Ppo+lstm working code

Hi,

I am looking for ppo + lstm implementation.
Can someone please help to let me know of available working code in pytorch for ppo + lstm.

Thanks

Hi,
I am not sure if it’s too late to answer this but I came across this implementation for ppo with lstm : https://github.com/seungeunrho/minimalRL/blob/master/ppo-lstm.py
and the code is quite simple and easy to follow.
Hope it helps.

Hi @granth_jain
did you find a suitable implementation.

Unfortunately, the one proposed before is not really a good choice. It uses truncated bptt of sequence length 1. The CartPole environment is not a good environment to test if the recurrent policy is working even if you mask out the velocities of the agent’s observation space.

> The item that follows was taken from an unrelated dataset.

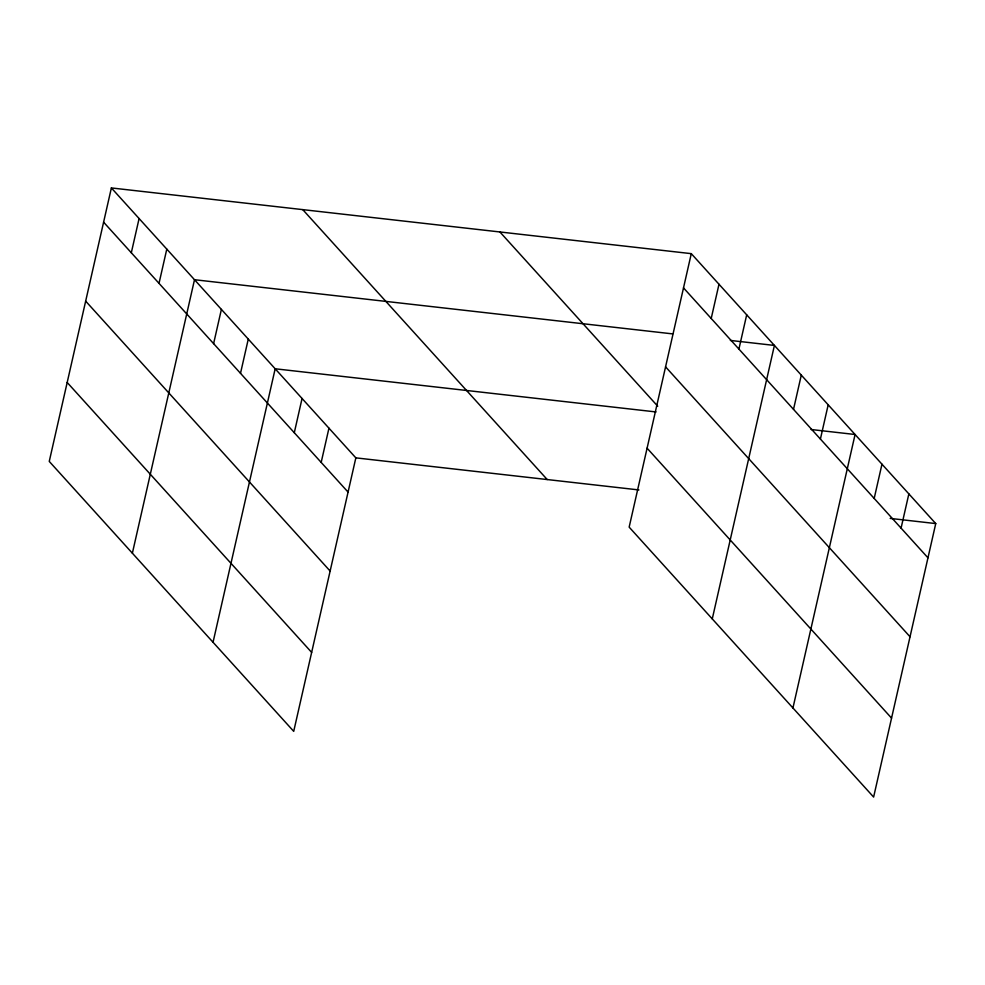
<?xml version="1.0" encoding="UTF-8"?>
<svg xmlns="http://www.w3.org/2000/svg" width="985" height="985" viewBox="0 0 985 985"><rect width="100%" height="100%" fill="white"/><g stroke="black" fill="none" stroke-linecap="round" stroke-linejoin="round"><path stroke-width="1.48" d="M111.379 187.938L49.25 461.423L293.715 731.35L355.844 457.865L111.379 187.938L691.285 253.65L935.75 523.577L873.621 797.062L629.156 527.135L691.285 253.65M131.313 252.776L139.094 218.535M159.016 283.36L166.797 249.119M132.372 553.201L194.501 279.715L672.644 333.89M213.61 343.642L221.391 309.401M240.5 373.34L248.282 339.099M213.043 642.282L275.172 368.784L656.072 411.952M294.293 432.723L302.063 398.482M321.184 462.408L328.953 428.167M711.207 318.487L718.988 284.246M738.922 349.072L746.692 314.831M712.266 618.912L774.407 345.427L730.353 340.428M793.516 409.354L801.297 375.113M820.407 439.051L828.188 404.81M792.937 707.981L855.078 434.496L811.037 429.509M874.188 498.435L881.969 464.194M901.078 528.12L908.859 493.879M355.844 457.865L638.92 489.939M890.181 518.405L935.75 523.577M683.504 287.891L927.968 557.818M665.564 366.839L910.029 636.766M499.912 231.968L657.734 406.214M647.083 448.187L891.548 718.114M302.752 209.62L547.217 479.547M103.61 222.179L348.074 492.106M85.67 301.127L330.135 571.054M67.189 382.475L311.654 652.402"/></g></svg>
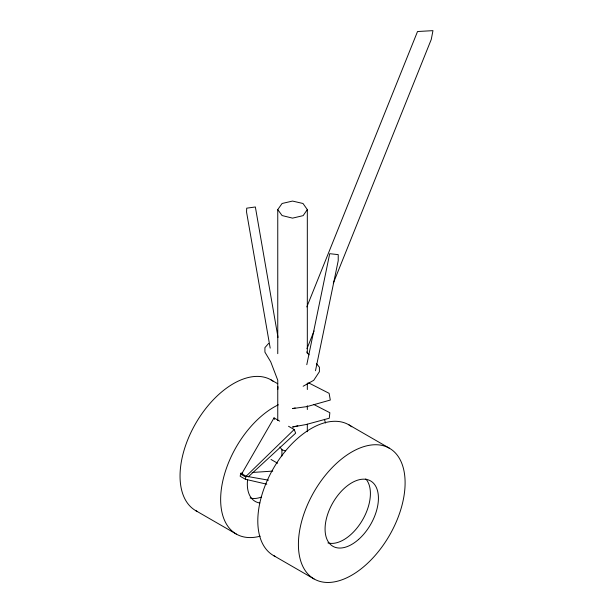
<?xml version="1.0" encoding="UTF-8"?>
<svg xmlns="http://www.w3.org/2000/svg" width="613" height="613" viewBox="0 0 613 613"><rect width="100%" height="100%" fill="white"/><g stroke="black" fill="none" stroke-linecap="round" stroke-linejoin="round"><path stroke-width="0.92" d="M281.903 455.995L281.926 449.298M277.758 389.531L277.98 386.726M306.791 364.689L329.71 253.69L338.223 254.633L338.223 260.671L315.488 370.735M242.756 473.098L240.878 473.228L240.135 476.24L245.361 479.259L266.808 484.201M245.361 479.259L246.104 476.24L294.179 429.521L288.539 426.265M306.822 306.937L417.53 31.516L432.962 30.65L431.261 39.447L333.288 283.206M306.975 348.659L314.086 330.966M241.806 473.696L274.026 417.89L279.666 421.146M307.32 209.6L303.136 215.638L292.539 218.136L282.087 215.554L277.758 209.6L282.087 203.485L292.539 201.072L302.991 203.485L307.32 209.6L307.32 353.67M268.647 343.418L264.916 347.64L264.916 352.123L270.739 361.862L277.758 380.221L277.758 420.526M248.204 476.899L295.673 433.146L294.179 429.521M303.136 386.259L313.733 380.305L319.411 371.685L319.411 367.21L316.369 363.57M295.19 407.951L292.539 408.58L307.021 406.595L330.307 400.044L329.112 393.324L308.661 382.895M297.834 425.774L292.539 427.023L306.125 424.525L329.265 418.235L329.863 412.718L313.749 404.465M252.127 472.477L272.747 471.106M268.471 480.163L246.104 476.24L240.878 473.228M285.574 450.816L282.087 449.95L279.919 446.977M271.107 379.93L277.743 383.753M348.866 424.824L389.477 448.264A75.445 43.561 -60 0 1 365.563 565.132A75.445 43.561 -60 0 1 300.224 527.41A75.445 43.561 -60 0 1 389.477 448.264M271.023 459.459L277.612 463.259M241.33 474.516L245.361 476.845M195.662 510.598L236.273 534.046M273.421 555.493L314.032 578.94M306.638 351.923L309.067 354.835M274.026 417.89L274.624 419.338M278.018 337.449L255.36 206.972L246.702 208.175L246.556 212.06L270.187 348.123M307.32 383.018L307.32 389.531M307.32 405.737L307.32 409.53M307.32 424.165L307.32 431.721M277.758 209.6L277.758 353.67M324.354 419.307A75.445 43.561 -60 0 1 325.526 423.016M260.188 536.183A75.445 43.561 -60 0 1 221.431 488.53A75.445 43.561 -60 0 1 278.34 404.802M197.202 511.418A75.445 43.561 -60 0 1 196.045 422.832A75.445 43.561 -60 0 1 273.306 381.355M259.812 502.982A37.722 21.777 -60 0 1 247.606 479.481M261.621 496.974A37.722 21.777 -60 0 1 250.135 498.001M274.961 556.313A75.445 43.561 -60 0 1 274.195 467.068A75.445 43.561 -60 0 1 351.77 426.778M365.777 478.899A37.722 21.777 -60 0 1 362.237 520.475A37.722 21.777 -60 0 1 327.894 542.896M358.659 539.371A37.722 21.777 -60 0 0 370.612 480.937A37.722 21.777 -60 0 0 325.986 520.506A37.722 21.777 -60 0 0 358.659 539.371"/></g></svg>

Not exactly the wanted solution but a working (not another cartPole project) LSTM implementation. When you increase the sequence_length we feed the model and provide a more complex rewarding in the step function you can test how the model learns to remember sequences and relations in the past: GitHub - svenkroll/simple_RL-LSTM: A simple demonstration of how to train an LSTM model with Reinforcement Learning using PyTorch

Clean baseline repositories

PPO + LSTM (or GRU)

https://github.com/MarcoMeter/recurrent-ppo-truncated-bptt

PPO + Transformer-XL

https://github.com/MarcoMeter/episodic-transformer-memory-ppo

This is entirely supported in torchrl.
Here’s an example with DQN

I know some folks have open source code with PPO and LSTM/GRU
You will find real-life examples in this repo for instance: GitHub - Acellera/acegen-open: Language models for drug discovery using torchrl

Happy to provide more context if needed!